• SOURCE RECORDS:

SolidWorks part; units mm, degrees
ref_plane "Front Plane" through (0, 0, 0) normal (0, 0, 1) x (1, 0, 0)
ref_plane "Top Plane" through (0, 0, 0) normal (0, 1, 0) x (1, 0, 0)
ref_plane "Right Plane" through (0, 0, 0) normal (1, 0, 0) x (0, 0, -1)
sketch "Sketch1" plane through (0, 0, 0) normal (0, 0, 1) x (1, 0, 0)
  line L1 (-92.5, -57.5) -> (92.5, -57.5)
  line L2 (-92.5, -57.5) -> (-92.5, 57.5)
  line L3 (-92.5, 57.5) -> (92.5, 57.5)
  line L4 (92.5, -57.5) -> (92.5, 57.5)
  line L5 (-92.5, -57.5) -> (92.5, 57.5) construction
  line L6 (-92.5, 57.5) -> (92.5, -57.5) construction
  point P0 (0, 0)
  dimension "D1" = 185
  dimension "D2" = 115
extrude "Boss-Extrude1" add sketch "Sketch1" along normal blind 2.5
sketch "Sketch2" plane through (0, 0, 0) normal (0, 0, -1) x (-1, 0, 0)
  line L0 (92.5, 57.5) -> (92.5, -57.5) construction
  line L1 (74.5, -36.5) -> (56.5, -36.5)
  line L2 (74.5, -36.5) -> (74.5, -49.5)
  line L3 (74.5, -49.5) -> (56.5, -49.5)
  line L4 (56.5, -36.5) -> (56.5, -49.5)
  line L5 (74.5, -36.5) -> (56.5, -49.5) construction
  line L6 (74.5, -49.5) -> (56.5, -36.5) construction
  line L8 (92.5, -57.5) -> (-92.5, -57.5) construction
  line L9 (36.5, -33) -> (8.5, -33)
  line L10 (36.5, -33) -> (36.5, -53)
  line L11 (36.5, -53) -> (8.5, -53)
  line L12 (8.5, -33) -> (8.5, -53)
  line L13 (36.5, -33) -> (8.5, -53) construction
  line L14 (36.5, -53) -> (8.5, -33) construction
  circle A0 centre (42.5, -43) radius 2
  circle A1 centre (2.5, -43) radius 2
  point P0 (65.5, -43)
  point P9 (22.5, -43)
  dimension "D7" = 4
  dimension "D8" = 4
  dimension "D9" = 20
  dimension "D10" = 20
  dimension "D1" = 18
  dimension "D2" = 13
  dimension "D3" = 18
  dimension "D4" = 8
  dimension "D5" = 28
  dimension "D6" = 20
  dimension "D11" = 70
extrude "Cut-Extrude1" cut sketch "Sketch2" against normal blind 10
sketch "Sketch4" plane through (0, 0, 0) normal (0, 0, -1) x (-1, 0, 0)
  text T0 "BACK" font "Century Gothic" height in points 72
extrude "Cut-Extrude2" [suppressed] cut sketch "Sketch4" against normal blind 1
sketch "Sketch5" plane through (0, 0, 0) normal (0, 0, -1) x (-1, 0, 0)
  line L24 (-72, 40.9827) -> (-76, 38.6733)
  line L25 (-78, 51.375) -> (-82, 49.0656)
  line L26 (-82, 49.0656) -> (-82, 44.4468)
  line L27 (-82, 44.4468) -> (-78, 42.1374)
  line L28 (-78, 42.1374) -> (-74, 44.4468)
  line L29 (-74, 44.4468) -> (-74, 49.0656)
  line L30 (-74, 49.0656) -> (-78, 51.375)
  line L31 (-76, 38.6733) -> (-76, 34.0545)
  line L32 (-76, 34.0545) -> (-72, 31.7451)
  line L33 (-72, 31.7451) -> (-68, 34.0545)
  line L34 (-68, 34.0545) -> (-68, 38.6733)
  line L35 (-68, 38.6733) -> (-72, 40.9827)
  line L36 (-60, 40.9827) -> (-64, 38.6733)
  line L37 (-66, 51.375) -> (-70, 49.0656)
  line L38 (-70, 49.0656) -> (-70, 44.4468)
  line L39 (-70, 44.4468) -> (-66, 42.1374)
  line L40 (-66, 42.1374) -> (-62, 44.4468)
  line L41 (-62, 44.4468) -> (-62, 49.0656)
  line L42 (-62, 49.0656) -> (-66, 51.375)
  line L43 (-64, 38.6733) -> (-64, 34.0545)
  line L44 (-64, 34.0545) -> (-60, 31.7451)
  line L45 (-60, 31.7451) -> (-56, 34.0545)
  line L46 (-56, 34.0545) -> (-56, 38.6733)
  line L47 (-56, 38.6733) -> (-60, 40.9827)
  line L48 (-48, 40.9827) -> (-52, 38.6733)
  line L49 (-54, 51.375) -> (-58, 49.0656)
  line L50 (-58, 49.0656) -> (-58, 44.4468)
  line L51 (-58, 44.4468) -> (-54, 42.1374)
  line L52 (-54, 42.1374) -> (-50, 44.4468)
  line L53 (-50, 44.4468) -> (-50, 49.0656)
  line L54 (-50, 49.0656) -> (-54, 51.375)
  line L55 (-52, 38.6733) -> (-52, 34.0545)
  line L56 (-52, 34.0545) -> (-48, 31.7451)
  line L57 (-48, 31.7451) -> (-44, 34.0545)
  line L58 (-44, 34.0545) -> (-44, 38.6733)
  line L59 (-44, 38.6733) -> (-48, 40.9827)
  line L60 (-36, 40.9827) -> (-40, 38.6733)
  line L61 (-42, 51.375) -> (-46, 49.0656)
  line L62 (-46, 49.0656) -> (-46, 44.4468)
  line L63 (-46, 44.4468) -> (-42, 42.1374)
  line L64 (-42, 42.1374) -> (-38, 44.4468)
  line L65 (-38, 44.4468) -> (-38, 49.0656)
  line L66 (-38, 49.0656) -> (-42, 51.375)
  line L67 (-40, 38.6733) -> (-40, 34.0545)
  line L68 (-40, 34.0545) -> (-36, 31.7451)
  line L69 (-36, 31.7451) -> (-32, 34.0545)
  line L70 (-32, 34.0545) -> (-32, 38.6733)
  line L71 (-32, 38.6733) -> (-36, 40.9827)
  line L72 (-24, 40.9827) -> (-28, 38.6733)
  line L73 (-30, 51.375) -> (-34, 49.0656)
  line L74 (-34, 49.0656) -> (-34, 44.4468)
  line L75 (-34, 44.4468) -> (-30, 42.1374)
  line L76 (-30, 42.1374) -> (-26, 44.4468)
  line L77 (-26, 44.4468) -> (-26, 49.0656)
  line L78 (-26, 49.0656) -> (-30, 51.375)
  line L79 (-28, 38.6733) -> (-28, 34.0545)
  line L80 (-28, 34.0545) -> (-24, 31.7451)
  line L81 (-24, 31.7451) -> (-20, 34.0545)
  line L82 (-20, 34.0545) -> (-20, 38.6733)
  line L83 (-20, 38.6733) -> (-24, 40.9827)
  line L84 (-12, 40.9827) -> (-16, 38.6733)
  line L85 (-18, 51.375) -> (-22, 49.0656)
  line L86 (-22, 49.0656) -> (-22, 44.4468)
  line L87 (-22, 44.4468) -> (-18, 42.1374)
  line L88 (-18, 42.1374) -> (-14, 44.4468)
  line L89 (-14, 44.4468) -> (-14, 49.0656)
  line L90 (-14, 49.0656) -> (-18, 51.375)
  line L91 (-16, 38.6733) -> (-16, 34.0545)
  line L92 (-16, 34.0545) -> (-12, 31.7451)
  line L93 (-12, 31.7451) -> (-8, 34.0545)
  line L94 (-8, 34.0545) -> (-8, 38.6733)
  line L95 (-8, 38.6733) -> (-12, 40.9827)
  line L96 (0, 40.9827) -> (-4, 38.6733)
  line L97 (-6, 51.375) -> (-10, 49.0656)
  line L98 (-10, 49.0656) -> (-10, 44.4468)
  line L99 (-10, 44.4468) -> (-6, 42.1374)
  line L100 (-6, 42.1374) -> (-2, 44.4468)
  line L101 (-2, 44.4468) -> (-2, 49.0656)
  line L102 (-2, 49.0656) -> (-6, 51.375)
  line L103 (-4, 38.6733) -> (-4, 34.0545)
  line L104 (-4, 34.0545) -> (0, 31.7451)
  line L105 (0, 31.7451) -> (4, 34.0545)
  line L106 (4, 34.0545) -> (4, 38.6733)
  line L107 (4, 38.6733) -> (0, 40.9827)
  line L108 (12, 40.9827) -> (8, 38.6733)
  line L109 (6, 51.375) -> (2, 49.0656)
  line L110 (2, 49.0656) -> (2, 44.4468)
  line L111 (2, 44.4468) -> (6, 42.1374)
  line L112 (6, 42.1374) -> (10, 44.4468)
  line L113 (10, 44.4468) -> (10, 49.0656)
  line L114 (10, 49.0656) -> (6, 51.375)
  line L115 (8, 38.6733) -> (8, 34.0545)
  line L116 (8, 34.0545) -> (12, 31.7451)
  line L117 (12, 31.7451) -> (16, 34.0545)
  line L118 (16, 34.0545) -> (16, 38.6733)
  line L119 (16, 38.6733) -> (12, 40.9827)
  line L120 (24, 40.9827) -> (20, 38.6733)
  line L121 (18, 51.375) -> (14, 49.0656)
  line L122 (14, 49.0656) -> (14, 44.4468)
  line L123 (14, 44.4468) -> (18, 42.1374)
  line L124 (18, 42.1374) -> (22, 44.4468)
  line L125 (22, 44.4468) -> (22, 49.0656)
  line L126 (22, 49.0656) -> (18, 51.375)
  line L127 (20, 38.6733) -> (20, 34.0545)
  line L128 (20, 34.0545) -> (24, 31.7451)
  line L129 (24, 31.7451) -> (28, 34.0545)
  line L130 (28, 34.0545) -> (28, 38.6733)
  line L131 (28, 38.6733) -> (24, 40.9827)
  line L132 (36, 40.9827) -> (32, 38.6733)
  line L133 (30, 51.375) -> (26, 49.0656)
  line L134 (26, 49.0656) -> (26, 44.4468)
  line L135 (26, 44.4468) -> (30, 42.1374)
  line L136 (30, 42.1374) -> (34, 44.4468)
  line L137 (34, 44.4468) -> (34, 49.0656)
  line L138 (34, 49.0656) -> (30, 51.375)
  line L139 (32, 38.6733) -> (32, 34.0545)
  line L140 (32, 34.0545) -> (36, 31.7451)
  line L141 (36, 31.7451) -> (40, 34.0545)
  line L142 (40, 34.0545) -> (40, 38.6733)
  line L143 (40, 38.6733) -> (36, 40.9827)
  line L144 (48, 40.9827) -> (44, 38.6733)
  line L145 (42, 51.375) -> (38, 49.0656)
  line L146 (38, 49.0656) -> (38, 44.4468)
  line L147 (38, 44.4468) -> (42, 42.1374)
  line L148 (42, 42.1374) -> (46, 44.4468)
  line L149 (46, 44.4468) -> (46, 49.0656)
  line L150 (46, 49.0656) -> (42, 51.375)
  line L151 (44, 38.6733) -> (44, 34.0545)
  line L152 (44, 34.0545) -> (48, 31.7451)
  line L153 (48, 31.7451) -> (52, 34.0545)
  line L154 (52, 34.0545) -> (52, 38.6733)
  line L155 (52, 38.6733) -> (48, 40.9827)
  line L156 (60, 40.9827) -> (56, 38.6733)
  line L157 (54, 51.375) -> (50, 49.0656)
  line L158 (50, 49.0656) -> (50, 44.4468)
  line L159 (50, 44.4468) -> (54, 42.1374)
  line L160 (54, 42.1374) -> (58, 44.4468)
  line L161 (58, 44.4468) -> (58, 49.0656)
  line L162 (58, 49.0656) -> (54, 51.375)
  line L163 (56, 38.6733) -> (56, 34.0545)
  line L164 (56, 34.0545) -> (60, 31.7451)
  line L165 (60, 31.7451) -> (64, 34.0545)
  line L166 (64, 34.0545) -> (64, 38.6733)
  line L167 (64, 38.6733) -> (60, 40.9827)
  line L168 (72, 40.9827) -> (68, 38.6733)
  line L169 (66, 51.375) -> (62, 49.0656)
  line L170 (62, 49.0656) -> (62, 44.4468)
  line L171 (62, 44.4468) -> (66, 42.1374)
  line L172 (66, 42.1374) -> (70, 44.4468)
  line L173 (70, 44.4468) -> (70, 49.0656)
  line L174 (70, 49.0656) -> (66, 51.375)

• WHAT TO WORK ON:
Both the line containing "line L134 (26, 49.0656) -> (26, 44.4468)" and the line containing "line L142 (40, 34.0545) -> (40, 38.6733)" belong in the answer. Print them and every line above that falls between them exactly, and no others.

• TASK RESPONSE:
  line L134 (26, 49.0656) -> (26, 44.4468)
  line L135 (26, 44.4468) -> (30, 42.1374)
  line L136 (30, 42.1374) -> (34, 44.4468)
  line L137 (34, 44.4468) -> (34, 49.0656)
  line L138 (34, 49.0656) -> (30, 51.375)
  line L139 (32, 38.6733) -> (32, 34.0545)
  line L140 (32, 34.0545) -> (36, 31.7451)
  line L141 (36, 31.7451) -> (40, 34.0545)
  line L142 (40, 34.0545) -> (40, 38.6733)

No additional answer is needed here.